Data entries:
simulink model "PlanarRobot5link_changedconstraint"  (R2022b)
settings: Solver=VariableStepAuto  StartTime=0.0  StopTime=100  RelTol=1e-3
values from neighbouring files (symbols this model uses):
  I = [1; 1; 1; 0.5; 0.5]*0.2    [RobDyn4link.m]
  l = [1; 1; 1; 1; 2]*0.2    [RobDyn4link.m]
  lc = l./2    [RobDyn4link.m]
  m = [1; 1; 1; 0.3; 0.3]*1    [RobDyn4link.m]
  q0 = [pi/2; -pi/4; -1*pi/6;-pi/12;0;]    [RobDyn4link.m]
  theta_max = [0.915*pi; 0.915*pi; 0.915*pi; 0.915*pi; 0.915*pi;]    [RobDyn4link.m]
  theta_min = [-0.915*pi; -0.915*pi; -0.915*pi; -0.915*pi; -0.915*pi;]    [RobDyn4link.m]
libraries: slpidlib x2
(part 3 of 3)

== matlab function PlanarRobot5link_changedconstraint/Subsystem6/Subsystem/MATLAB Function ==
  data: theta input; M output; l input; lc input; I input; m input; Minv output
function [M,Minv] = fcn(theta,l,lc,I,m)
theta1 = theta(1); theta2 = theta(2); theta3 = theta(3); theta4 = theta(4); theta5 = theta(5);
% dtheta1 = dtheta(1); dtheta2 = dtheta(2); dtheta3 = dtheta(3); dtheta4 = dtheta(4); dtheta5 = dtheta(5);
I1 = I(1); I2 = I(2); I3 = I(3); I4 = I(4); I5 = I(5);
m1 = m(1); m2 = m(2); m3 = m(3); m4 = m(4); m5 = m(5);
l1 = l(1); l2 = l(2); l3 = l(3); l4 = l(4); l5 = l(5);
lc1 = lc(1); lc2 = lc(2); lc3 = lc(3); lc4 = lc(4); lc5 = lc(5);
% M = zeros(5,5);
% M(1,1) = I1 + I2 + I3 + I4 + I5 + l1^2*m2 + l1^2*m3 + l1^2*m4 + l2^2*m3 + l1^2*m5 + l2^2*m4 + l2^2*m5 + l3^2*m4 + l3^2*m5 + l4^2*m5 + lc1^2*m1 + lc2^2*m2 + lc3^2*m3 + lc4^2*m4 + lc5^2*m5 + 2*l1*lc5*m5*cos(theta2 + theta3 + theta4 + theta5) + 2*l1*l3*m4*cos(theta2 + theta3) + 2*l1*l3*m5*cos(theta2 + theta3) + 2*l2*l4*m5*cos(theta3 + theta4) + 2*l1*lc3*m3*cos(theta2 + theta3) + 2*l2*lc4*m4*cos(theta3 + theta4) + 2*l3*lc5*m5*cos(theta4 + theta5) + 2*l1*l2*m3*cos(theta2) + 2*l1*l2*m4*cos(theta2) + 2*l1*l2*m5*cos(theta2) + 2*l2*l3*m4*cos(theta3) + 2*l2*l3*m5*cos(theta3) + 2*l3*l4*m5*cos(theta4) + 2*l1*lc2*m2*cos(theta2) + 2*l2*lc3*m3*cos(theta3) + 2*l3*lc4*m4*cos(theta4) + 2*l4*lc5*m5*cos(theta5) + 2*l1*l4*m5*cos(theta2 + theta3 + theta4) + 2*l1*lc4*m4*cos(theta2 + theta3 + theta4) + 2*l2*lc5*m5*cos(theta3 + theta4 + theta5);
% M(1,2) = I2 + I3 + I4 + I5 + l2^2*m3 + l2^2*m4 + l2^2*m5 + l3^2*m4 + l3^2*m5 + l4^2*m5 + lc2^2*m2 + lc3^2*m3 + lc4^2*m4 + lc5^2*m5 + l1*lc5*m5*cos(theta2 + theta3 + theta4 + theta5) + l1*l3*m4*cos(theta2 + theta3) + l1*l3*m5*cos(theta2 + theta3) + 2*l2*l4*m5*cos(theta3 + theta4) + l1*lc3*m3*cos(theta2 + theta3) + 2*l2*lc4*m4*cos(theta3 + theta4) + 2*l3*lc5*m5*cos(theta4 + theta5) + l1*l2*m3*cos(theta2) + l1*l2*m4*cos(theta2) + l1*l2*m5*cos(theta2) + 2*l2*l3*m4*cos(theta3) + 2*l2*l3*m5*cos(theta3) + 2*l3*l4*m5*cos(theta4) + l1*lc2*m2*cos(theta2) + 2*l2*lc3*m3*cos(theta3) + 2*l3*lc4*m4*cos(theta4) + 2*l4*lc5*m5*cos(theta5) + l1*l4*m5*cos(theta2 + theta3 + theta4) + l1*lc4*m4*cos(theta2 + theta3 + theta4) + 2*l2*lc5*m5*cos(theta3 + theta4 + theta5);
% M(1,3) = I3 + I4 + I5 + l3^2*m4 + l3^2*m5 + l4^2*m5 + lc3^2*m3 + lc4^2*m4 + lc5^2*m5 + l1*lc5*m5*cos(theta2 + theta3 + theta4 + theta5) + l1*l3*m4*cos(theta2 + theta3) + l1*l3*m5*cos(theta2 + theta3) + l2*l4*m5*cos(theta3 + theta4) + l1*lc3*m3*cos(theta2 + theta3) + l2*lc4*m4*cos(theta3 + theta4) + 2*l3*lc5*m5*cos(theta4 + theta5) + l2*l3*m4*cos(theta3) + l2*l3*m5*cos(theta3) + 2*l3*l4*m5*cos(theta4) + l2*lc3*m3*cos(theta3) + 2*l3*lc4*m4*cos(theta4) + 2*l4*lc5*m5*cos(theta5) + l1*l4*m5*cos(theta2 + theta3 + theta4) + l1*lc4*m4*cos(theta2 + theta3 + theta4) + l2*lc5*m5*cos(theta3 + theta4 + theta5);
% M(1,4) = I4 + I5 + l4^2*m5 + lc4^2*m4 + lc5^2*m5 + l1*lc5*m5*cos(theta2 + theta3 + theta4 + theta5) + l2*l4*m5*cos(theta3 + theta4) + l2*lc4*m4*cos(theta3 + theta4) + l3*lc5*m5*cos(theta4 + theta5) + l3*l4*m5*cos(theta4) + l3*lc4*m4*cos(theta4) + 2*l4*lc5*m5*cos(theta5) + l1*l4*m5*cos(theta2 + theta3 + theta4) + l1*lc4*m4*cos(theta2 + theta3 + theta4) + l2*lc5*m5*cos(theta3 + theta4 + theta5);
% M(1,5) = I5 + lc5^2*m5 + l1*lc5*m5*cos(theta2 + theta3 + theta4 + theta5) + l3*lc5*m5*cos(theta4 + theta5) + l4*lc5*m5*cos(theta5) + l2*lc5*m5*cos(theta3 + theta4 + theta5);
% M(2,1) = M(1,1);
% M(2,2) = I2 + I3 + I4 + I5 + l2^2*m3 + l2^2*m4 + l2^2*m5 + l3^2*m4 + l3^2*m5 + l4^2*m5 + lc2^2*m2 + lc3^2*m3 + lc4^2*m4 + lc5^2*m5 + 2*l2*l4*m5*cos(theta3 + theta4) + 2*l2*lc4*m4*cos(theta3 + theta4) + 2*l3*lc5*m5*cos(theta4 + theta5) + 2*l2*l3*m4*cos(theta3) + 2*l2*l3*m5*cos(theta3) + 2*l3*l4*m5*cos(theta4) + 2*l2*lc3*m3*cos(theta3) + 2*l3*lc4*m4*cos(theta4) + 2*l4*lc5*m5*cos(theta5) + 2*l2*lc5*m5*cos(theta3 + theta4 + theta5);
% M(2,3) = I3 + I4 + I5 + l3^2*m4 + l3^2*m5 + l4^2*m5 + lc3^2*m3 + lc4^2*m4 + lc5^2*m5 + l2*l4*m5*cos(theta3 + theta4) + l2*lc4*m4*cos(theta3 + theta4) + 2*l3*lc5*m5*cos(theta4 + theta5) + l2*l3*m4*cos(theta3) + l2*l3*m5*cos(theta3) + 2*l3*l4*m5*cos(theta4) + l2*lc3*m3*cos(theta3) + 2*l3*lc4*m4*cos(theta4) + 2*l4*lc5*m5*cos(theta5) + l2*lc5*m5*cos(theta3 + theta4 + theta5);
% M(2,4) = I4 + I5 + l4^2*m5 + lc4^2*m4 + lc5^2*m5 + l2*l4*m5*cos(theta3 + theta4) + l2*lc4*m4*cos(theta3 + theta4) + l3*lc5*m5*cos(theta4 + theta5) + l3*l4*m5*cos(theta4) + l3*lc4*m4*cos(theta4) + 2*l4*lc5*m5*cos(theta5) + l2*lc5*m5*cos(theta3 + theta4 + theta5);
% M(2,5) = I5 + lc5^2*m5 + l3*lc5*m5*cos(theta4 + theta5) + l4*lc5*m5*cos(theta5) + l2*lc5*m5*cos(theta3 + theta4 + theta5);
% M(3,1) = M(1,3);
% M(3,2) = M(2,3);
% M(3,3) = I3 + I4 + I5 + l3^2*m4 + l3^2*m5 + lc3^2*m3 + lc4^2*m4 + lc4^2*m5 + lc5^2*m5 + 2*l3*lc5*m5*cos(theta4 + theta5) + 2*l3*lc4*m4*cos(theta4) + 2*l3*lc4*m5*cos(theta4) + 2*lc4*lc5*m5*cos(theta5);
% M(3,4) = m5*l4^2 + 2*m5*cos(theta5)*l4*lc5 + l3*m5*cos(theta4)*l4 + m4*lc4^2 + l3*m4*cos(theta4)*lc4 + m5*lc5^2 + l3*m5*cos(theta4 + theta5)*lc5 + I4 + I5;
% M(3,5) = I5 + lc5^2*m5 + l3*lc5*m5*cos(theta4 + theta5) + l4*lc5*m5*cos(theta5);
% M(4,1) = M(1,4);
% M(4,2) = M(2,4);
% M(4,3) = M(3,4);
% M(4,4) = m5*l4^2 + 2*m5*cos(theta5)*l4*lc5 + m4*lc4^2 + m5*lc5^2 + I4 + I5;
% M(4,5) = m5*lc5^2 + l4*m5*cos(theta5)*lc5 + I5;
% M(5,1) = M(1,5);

PROMPT: Look above and return each line of the records exactly, from the very first through the line with "l1 = l(1); l2", both included.

RESPONSE BOX:
simulink model "PlanarRobot5link_changedconstraint"  (R2022b)
settings: Solver=VariableStepAuto  StartTime=0.0  StopTime=100  RelTol=1e-3
values from neighbouring files (symbols this model uses):
  I = [1; 1; 1; 0.5; 0.5]*0.2    [RobDyn4link.m]
  l = [1; 1; 1; 1; 2]*0.2    [RobDyn4link.m]
  lc = l./2    [RobDyn4link.m]
  m = [1; 1; 1; 0.3; 0.3]*1    [RobDyn4link.m]
  q0 = [pi/2; -pi/4; -1*pi/6;-pi/12;0;]    [RobDyn4link.m]
  theta_max = [0.915*pi; 0.915*pi; 0.915*pi; 0.915*pi; 0.915*pi;]    [RobDyn4link.m]
  theta_min = [-0.915*pi; -0.915*pi; -0.915*pi; -0.915*pi; -0.915*pi;]    [RobDyn4link.m]
libraries: slpidlib x2
(part 3 of 3)

== matlab function PlanarRobot5link_changedconstraint/Subsystem6/Subsystem/MATLAB Function ==
  data: theta input; M output; l input; lc input; I input; m input; Minv output
function [M,Minv] = fcn(theta,l,lc,I,m)
theta1 = theta(1); theta2 = theta(2); theta3 = theta(3); theta4 = theta(4); theta5 = theta(5);
% dtheta1 = dtheta(1); dtheta2 = dtheta(2); dtheta3 = dtheta(3); dtheta4 = dtheta(4); dtheta5 = dtheta(5);
I1 = I(1); I2 = I(2); I3 = I(3); I4 = I(4); I5 = I(5);
m1 = m(1); m2 = m(2); m3 = m(3); m4 = m(4); m5 = m(5);
l1 = l(1); l2 = l(2); l3 = l(3); l4 = l(4); l5 = l(5);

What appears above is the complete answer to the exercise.